# 240g Planted Discus tank Build



## MacFan (Jul 30, 2006)

I've been maintaining a blog on my aquatic obsessions for some time, but recently completed the first batch of detailed build articles on my 240g tank and thought I'd share.

How it's made


----------



## intermediate_noob (Oct 18, 2007)

That is a great write up of your build. I had a question about your fluidized bed filter. How is it working out for you? I have always wanted to build one of these because of their efficiency and the space saving (instead of a huge sump) and just wanted your opinion. Thanks!


----------



## MacFan (Jul 30, 2006)

It seems to work really well. It's my mechanical filter that I'm not very happy with. As I wrote about, I cheaped out on the pumps at first and paid the price in having to replace them, but overall it's worked well. I'll probably do fluidized bed filters on future large aquariums. I've never done a sump, partly because they're not good for CO2.


----------



## ferris89 (Jul 31, 2008)

wow.... now that is a lot of work! Gorgeous tanks from what I have seen so far!


----------



## intothenew (Aug 1, 2008)

I am planning a DIY project and this certainly will help.

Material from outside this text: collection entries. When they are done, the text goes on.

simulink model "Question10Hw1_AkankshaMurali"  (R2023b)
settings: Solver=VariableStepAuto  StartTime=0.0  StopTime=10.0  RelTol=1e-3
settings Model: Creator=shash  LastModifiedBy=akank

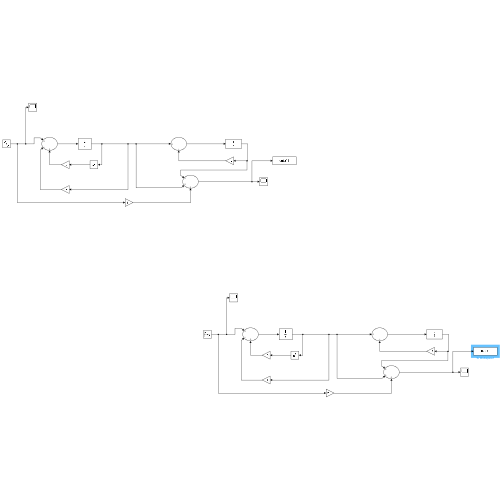
[thumbnail: Simulink's stored preview of the top-level diagram]
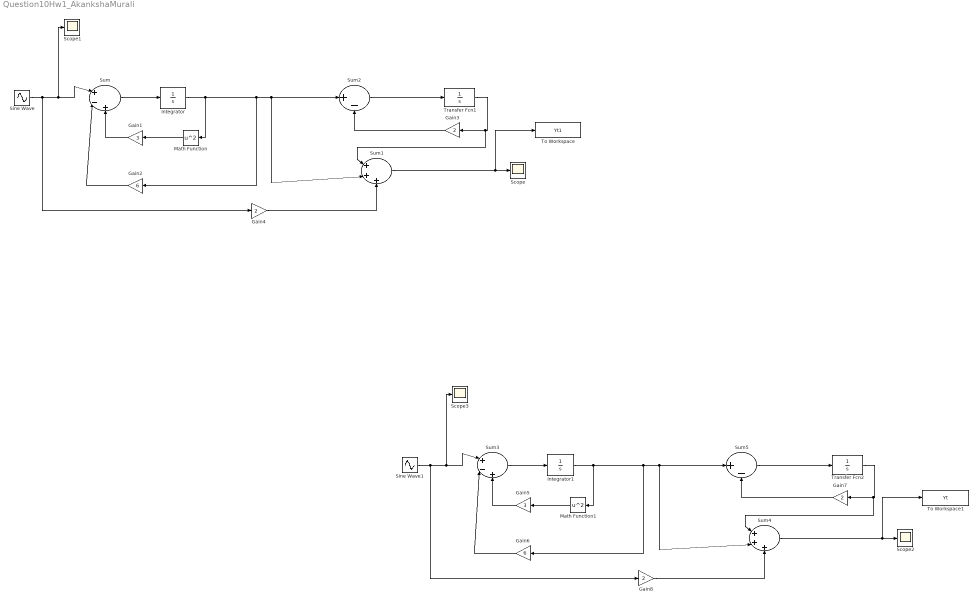
== system Question10Hw1_AkankshaMurali ==
  Gain1 : Gain  Gain=3
  Gain2 : Gain  Gain=6
  Gain{3..4,7..8} (4 alike) : Gain  Gain=2
  Gain5 : Gain  Gain=3
  Gain6 : Gain  Gain=6
  Integrator : Integrator
  Integrator1 : Integrator
  Math Function : Math  Operator=square
  Math Function1 : Math  Operator=square
  Scope{,1..3} (4 alike) : Scope
  Sine Wave : Sin  SampleTime=0
  Sine Wave1 : Sin  Amplitude=3  SampleTime=0
  Sum : Sum  Inputs=|+-+
  Sum1 : Sum  Inputs=|+++
  Sum2 : Sum  Inputs=|+-
  Sum3 : Sum  Inputs=|+-+
  Sum4 : Sum  Inputs=|+++
  Sum5 : Sum  Inputs=|+-
  To Workspace : ToWorkspace  VariableName=Yt1  SaveFormat=Timeseries  SampleTime=-1
  To Workspace1 : ToWorkspace  VariableName=Yt  SaveFormat=Timeseries  SampleTime=-1
  Transfer Fcn1 : TransferFcn  Denominator=[1 0]
  Transfer Fcn2 : TransferFcn  Denominator=[1 0]
  wires:
  Sum/1 -> Integrator/1
  Math Function/1 -> Gain1/1
  Integrator/1 -> Sum2/1, Sum1/2, Gain2/1, Math Function/1
  Sine Wave/1 -> Gain4/1, Scope1/1, Sum/1
  Gain1/1 -> Sum/3
  Gain2/1 -> Sum/2
  Gain4/1 -> Sum1/3
  Sum2/1 -> Transfer Fcn1/1
  Transfer Fcn1/1 -> Sum1/1, Gain3/1
  Gain3/1 -> Sum2/2
  Sum1/1 -> To Workspace/1, Scope/1
  Transfer Fcn2/1 -> Sum4/1, Gain7/1
  Sum5/1 -> Transfer Fcn2/1
  Gain8/1 -> Sum4/3
  Sum3/1 -> Integrator1/1
  Integrator1/1 -> Sum5/1, Sum4/2, Gain6/1, Math Function1/1
  Sum4/1 -> To Workspace1/1, Scope2/1
  Gain7/1 -> Sum5/2
  Gain5/1 -> Sum3/3
  Math Function1/1 -> Gain5/1
  Gain6/1 -> Sum3/2
  Sine Wave1/1 -> Gain8/1, Scope3/1, Sum3/1
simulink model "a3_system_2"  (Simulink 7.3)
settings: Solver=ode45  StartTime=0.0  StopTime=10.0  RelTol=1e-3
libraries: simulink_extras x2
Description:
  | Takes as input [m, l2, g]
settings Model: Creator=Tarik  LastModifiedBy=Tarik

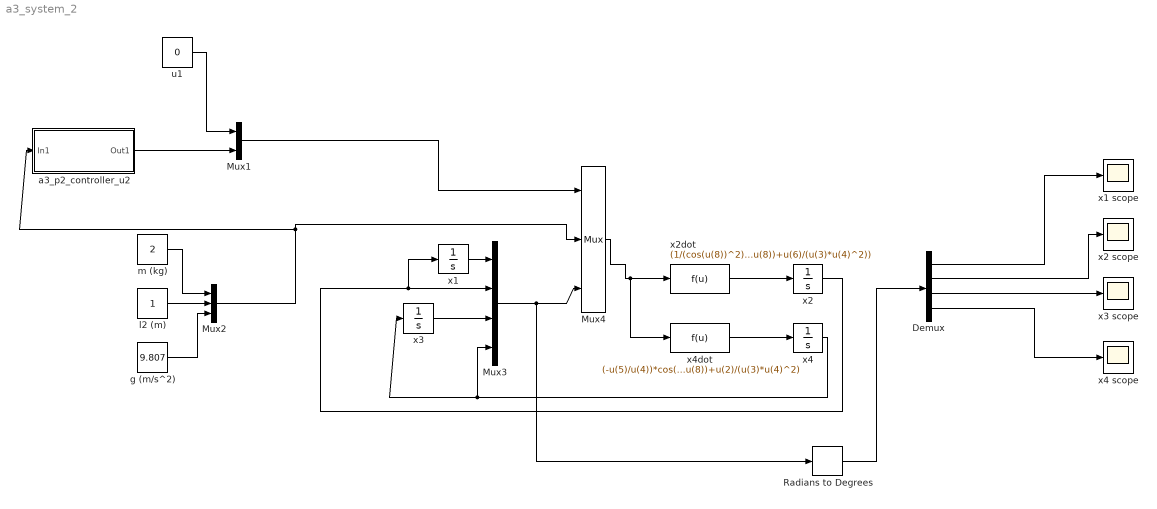
== system a3_system_2 ==
  Demux : Demux
  Mux1 : Mux  Inputs=2
  Mux2 : Mux  Inputs=3
  Mux3 : Mux
  Mux4 : Mux  Description=|  Inputs=3
      | u(1:2) are u1 and u2   
      | u(3:5) are m, l2, and g
      | u(6:9) are x1 x2 x3 x4
  Radians to Degrees : simulink_extras/Transformations/Radians to Degrees  SystemSampleTime=-1
  a3_p2_controller_u2 : Subsystem  Description=Input is properties (m l g)
  g (m/s^2) : Constant  Value=9.807  OutDataType=fixdt(1, 16)  OutScaling=2^0
  l2 (m) : Constant  OutDataType=fixdt(1, 16)  OutScaling=2^0
  m (kg) : Constant  Value=2  OutDataType=fixdt(1, 16)  OutScaling=2^0
  u1 : Constant  Value=0  OutDataType=fixdt(1, 16)  OutScaling=2^0
  x1 : Integrator
  x1 scope : Scope
  x2 : Integrator
  x2 scope : Scope
  x2dot : Fcn  Expr=(1/(cos(u(8))^2))*(u(7)*u(9)*sin(2*u(8))+u(6)/(u(3)*u(4)^2))
  x3 : Integrator  InitialCondition=pi/4
  x3 scope : Scope
      settings: SaveName=ScopeData2
  x4 : Integrator
  x4 scope : Scope
      settings: SaveName=ScopeData3
  x4dot : Fcn  Expr=(-u(5)/u(4))*cos(u(8))-(u(7)/2)*sin(2*u(8))+u(2)/(u(3)*u(4)^2)
  wires:
  Demux/1 -> x1 scope/1
  Demux/2 -> x2 scope/1
  Demux/3 -> x3 scope/1
  Demux/4 -> x4 scope/1
  m (kg)/1 -> Mux2/1
  l2 (m)/1 -> Mux2/2
  g (m/s^2)/1 -> Mux2/3
  x2dot/1 -> x2/1
  x4dot/1 -> x4/1
  x1/1 -> Mux3/1
  Mux3/1 -> Mux4/3, Radians to Degrees/1
  Mux2/1 -> Mux4/2, a3_p2_controller_u2/1(In1)
  Mux1/1 -> Mux4/1
  Mux4/1 -> x2dot/1, x4dot/1
  Radians to Degrees/1 -> Demux/1
  u1/1 -> Mux1/1
  a3_p2_controller_u2/1(Out1) -> Mux1/2
  x3/1 -> Mux3/3
  x4/1 -> Mux3/4, x3/1
  x2/1 -> Mux3/2, x1/1

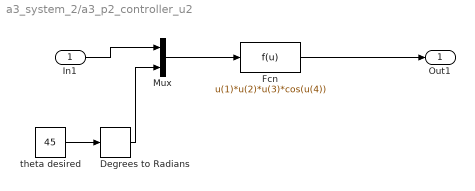
== system a3_system_2/a3_p2_controller_u2 ==
  In1 : Inport  PortDimensions=3  OutDataType=fixdt(1, 16)  OutScaling=2^0
  Degrees to Radians : simulink_extras/Transformations/Degrees to Radians  SystemSampleTime=-1
  Fcn : Fcn  Expr=u(1)*u(2)*u(3)*cos(u(4))
  Mux : Mux  Inputs=2
  theta desired : Constant  Value=45  OutDataType=fixdt(1, 16)  OutScaling=2^0
  Out1 : Outport  OutDataType=fixdt(1, 16)  OutScaling=2^0
  wires:
  Fcn/1 -> Out1/1
  Mux/1 -> Fcn/1
  In1/1 -> Mux/1
  theta desired/1 -> Degrees to Radians/1
  Degrees to Radians/1 -> Mux/2

Really nice rig.:thumbsup:


----------



## PLANT^NUT (May 1, 2007)

Nothing satisfies like doing it yourself !


----------



## intermediate_noob (Oct 18, 2007)

A quick question. On your Fluidized bed filter, near the bottom, it looks like you have a PVC flange there that could be bolted down. What are those called and where did you get them? Thanks again!


----------